I will also add that seeking therapy or treatment is not a sign of weakness, but a sign of great strength. You are actively going against your greatest fear and trying to seek help to make yourself well again. Don’t forget that! And the therapy really does help. I was adamant that it would do nothing to improve my mood and aid with my battle against OCD and ultimately myself, but it really does work. Knowing that someone is supporting you and giving you methods to regain control of your life really is empowering and liberating. Don’t be afraid of help, because it is out there. I’m not saying you can be cured, because I personally struggle to believe that there is a cure for OCD at all.
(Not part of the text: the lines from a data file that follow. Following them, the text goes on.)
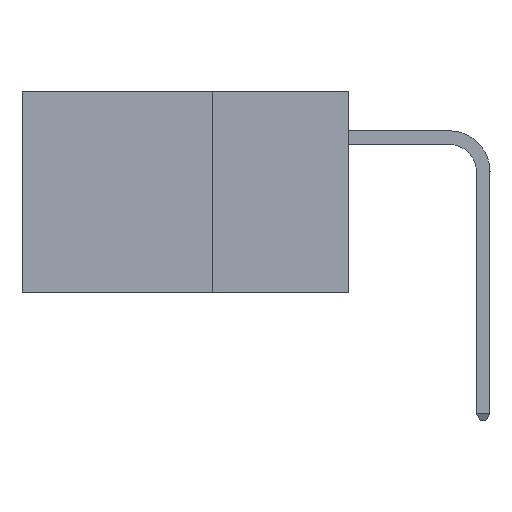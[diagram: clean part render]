
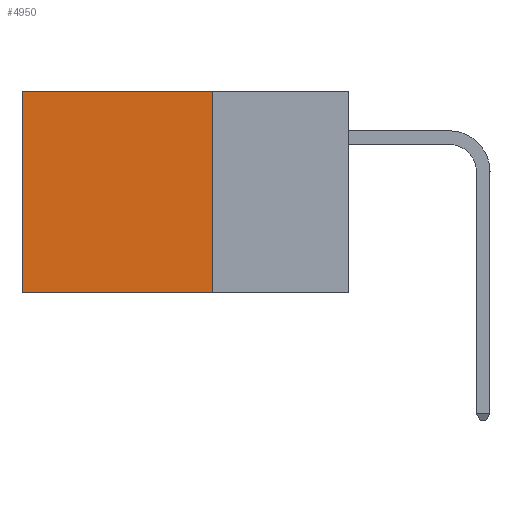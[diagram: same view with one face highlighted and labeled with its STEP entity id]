
A CAD part, left-side view. The second image highlights one B-rep face of the part: STEP entity #4950.
In plain terms, the highlighted planar face has unit normal (-1, 0, 0).
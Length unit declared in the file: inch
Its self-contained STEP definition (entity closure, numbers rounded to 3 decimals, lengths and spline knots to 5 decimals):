
#428 = ORIENTED_EDGE ( 'NONE', *, *, #11505, .F. ) ;
#522 = LINE ( 'NONE', #10878, #11294 ) ;
#649 = CARTESIAN_POINT ( 'NONE',  ( 0.2875, 0.25, -0.37 ) ) ;
#1202 = ORIENTED_EDGE ( 'NONE', *, *, #14339, .T. ) ;
#1204 = AXIS2_PLACEMENT_3D ( 'NONE', #5224, #7741, #6569 ) ;
#2411 = EDGE_LOOP ( 'NONE', ( #5054, #428, #12475, #1202 ) ) ;
#2685 = DIRECTION ( 'NONE',  ( 0., 1., 0. ) ) ;
#2766 = EDGE_CURVE ( 'NONE', #3216, #11274, #14026, .T. ) ;
#3216 = VERTEX_POINT ( 'NONE', #6886 ) ;
#3876 = VECTOR ( 'NONE', #9548, 39.37008 ) ;
#4750 = CARTESIAN_POINT ( 'NONE',  ( 0.2875, 0.6, -0.37 ) ) ;
#4950 = ADVANCED_FACE ( 'NONE', ( #5243 ), #5272, .F. ) ;
#5054 = ORIENTED_EDGE ( 'NONE', *, *, #13195, .T. ) ;
#5224 = CARTESIAN_POINT ( 'NONE',  ( 0.2875, 0.25, 0. ) ) ;
#5243 = FACE_OUTER_BOUND ( 'NONE', #2411, .T. ) ;
#5272 = PLANE ( 'NONE',  #1204 ) ;
#5312 = VECTOR ( 'NONE', #7274, 39.37008 ) ;
#5537 = DIRECTION ( 'NONE',  ( 0., 0., -1. ) ) ;
#5835 = CARTESIAN_POINT ( 'NONE',  ( 0.2875, 0.6, 0. ) ) ;
#6569 = DIRECTION ( 'NONE',  ( 0., 0., -1. ) ) ;
#6694 = VECTOR ( 'NONE', #2685, 39.37008 ) ;
#6728 = CARTESIAN_POINT ( 'NONE',  ( 0.2875, 0.25, 0. ) ) ;
#6819 = LINE ( 'NONE', #13920, #3876 ) ;
#6886 = CARTESIAN_POINT ( 'NONE',  ( 0.2875, 0.25, 0. ) ) ;
#7274 = DIRECTION ( 'NONE',  ( 0., 0., -1. ) ) ;
#7366 = LINE ( 'NONE', #12554, #6694 ) ;
#7741 = DIRECTION ( 'NONE',  ( 1., 0., 0. ) ) ;
#8638 = VERTEX_POINT ( 'NONE', #5835 ) ;
#9548 = DIRECTION ( 'NONE',  ( 0., 1., 0. ) ) ;
#10878 = CARTESIAN_POINT ( 'NONE',  ( 0.2875, 0.6, 0. ) ) ;
#11274 = VERTEX_POINT ( 'NONE', #649 ) ;
#11294 = VECTOR ( 'NONE', #5537, 39.37008 ) ;
#11505 = EDGE_CURVE ( 'NONE', #11274, #12095, #7366, .T. ) ;
#12095 = VERTEX_POINT ( 'NONE', #4750 ) ;
#12475 = ORIENTED_EDGE ( 'NONE', *, *, #2766, .F. ) ;
#12554 = CARTESIAN_POINT ( 'NONE',  ( 0.2875, 0.25, -0.37 ) ) ;
#13195 = EDGE_CURVE ( 'NONE', #8638, #12095, #522, .T. ) ;
#13920 = CARTESIAN_POINT ( 'NONE',  ( 0.2875, 0.25, 0. ) ) ;
#14026 = LINE ( 'NONE', #6728, #5312 ) ;
#14339 = EDGE_CURVE ( 'NONE', #3216, #8638, #6819, .T. ) ;

What I do know is that you can learn to manage your thoughts and feelings in a way that they do not consume your every waking moment, so that you are able to lead the life you deserve; so that you are able to be free.
I know I’ve struggled and I’ve got a long road ahead of me, a life-long fight against this, but I can’t give up hope. I can’t stop fighting. Too many people have invested so much of their lives trying to help me and make me well again. It would be wrong to throw all of that love and support away by giving in to this illness. But I also want to fight for myself now. I get glimpses now and again of what my life can be like, the cracks in the wall where the light shines in. I’ll have to walk through my fears to feel the sun on my face again but deep down, I know it’ll be worth it. To live again and laugh freely, to hug my dad and nan and feel the hope in my chest that I can find peace.
If you’re reading this and you’re a survivor like me, please don’t give up. You deserve to have a life and to be happy. You deserve to have hope. Never give up on that.